Es gibt keine Worte mehr.
Also es gibt sie noch, aber sie bedeuten nichts mehr.
Jedenfalls nicht das, was sie sollen.
Was ich will, dass sie bedeuten.
Was ihr wollt, dass sie bedeuten.
Ich schaue auf die WhatsApp-Nachricht einer Person, der ich vor Jahren noch sehr nahe war. Ob wir uns treffen wollen. Bisschen im Park spazieren gehen. Seit einer Woche schaue ich schon auf das Display und kann und will nicht antworten. Es gibt nichts zu sagen. Und ich will auch nichts mehr hören. Warum zuhören, wenn es nur Worte sind? Einem Schlag ins Gesicht würde ich zuhören. Hab meine Zähne in den letzten Jahren so verkackt, ich brauche eh neue. Bitte schlagt mich! Herr, schlag nur einmal zu, so wird meine Seele gesund.
Meinung. Sorge. Satire. Demokratie.
Medien. Moral. Respekt. Clement.
Wolfgang Clement ist heute gestorben, es regnet viele Worte. Es macht sich der Himmel auf und eine Armada von Robotern schmeißt sie auf die Leute nieder, welche die Mikrofone von Talkshowtischen nehmen wollen, um sie denjenigen zu geben, die in den Jugendstrafanstalten sitzen. Und dann werden sie schreien und jemand wird daraus ein TikTok-Video machen. #ratatata! Oh Judith, bitte gib mir nur ein Wort, mein Schweigen ist mein Zelt.

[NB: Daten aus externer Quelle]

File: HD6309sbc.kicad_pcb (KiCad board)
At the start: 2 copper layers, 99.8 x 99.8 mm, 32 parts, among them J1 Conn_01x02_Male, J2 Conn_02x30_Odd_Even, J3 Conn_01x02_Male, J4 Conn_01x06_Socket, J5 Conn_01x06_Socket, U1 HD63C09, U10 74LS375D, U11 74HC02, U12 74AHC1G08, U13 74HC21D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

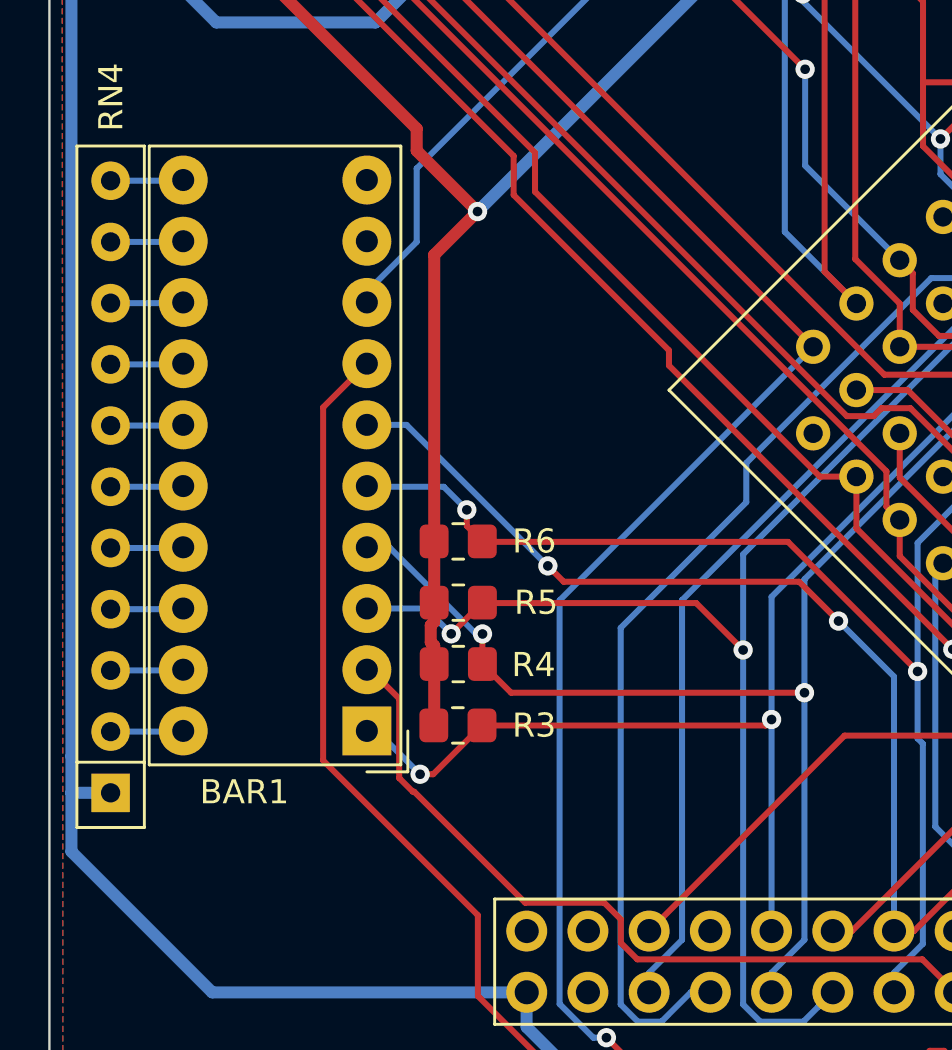
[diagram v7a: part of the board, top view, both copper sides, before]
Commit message: tidy up component placing
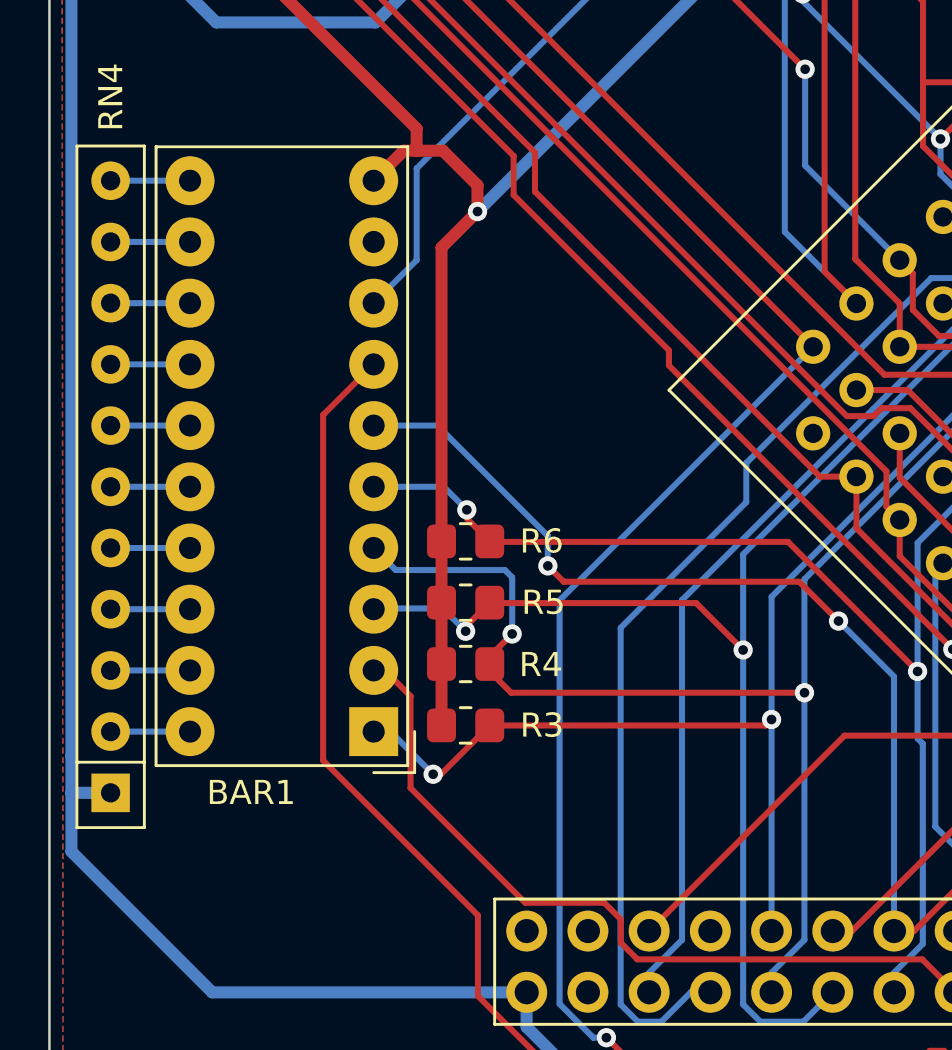
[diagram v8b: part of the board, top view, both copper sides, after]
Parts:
- moved R3 0.32 mm to (42.7, 109.0)
- moved R6 0.31 mm to (42.7, 101.3)
- moved R4 0.30 mm to (42.7, 106.4)
- moved R5 0.30 mm to (42.7, 103.9)
- moved BAR1 0.28 mm to (38.9, 109.2)
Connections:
- BAR1 pad 10: unconnected-(BAR1J-A-Pad10) -> +5V
- U15 pad 10: (no net) -> unconnected-(U15-Pad10)
- U15 pad 12: (no net) -> unconnected-(U15-Pad12)
- U15 pad 13: (no net) -> unconnected-(U15-Pad13)
- U15 pad 8: (no net) -> unconnected-(U15-Pad8)
- U15 pad 9: (no net) -> unconnected-(U15-Pad9)
- U7 pad 10: (no net) -> unconnected-(U7-Pad10)
- U7 pad 11: (no net) -> unconnected-(U7-Pad11)
- U7 pad 12: (no net) -> unconnected-(U7-Pad12)
- U7 pad 13: (no net) -> unconnected-(U7-Pad13)
- U8 pad 10: (no net) -> unconnected-(U8-Pad10)
- U8 pad 8: (no net) -> unconnected-(U8-Pad8)
- U8 pad 9: (no net) -> unconnected-(U8-Pad9)
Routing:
- net ~{IRQ}: track 62.0 -> 64.9 mm
- net +5V: track 519.3 -> 522.0 mm

Drei kleine Katzen spielen vor meinen Füßen. Zwei von ihnen haben sich schon den Schnupfen eingefangen, der ihre Augen und Nasen immer mehr verkleben wird, bis sie keinen Bissen mehr herunterbekommen werden. Dann komme ich in zwei oder vier oder zwanzig Wochen wieder (Polen wird bestimmt auch noch zum Corona-Risikogebiet erklärt werden, yes, jetzt hab ich das Thema doch noch eingebaut, obwohl ich das gar nicht wollte), finde sie unter der Fetten Henne, grab ein Loch und leg sie hinein. Wie so ein Totengräber in der Lombardei oder in New York. Kein Gebet, kein Wort.
Zusammenhalt. Spaltung.
Leben. Tod.
Meine Gedanken bestehen nur noch aus Versatzstücken. (Die Gefühle auch.) Aus Worten, die andere gesagt haben, die wieder andere gesagt haben, weil es andere so schön gesagt haben. Aus Filmszenen, Songtexten, Memes. Nur noch Ekel, das als irgendetwas Eigenes verkaufen zu wollen. Ob Wittgenstein sich bewusst darüber war, in welche Isolation er die Menschen mit seinem Privatsprachenargument schicken würde? Natürlich kann man das alles neu anordnen, verknüpfen und kombinieren und es scheint dann fast so, als würde tatsächlich das Eigene leuchten, aber auch das werden bald Algorithmen übernehmen: schneller, besser, gewitzter. Das Leben als ständiger, umgekehrter Turing-Test.
Ich stehe mit meiner Mutter auf dem Parkplatz vor ihrer Berliner Wohnung. Sie gibt mir ihr Handy, wir schauen beide nach oben, Dunkelheit. Ich öffne die Nooie-App und tippe auf „Wohnzimmer“. Die App schickt ein Datenpaket zum Sendemast, durch Deutschland, nach China, zurück, in den Router, die Steckdose – und ein Licht geht an. Wir lachen und springen vor Freude. Glück pur.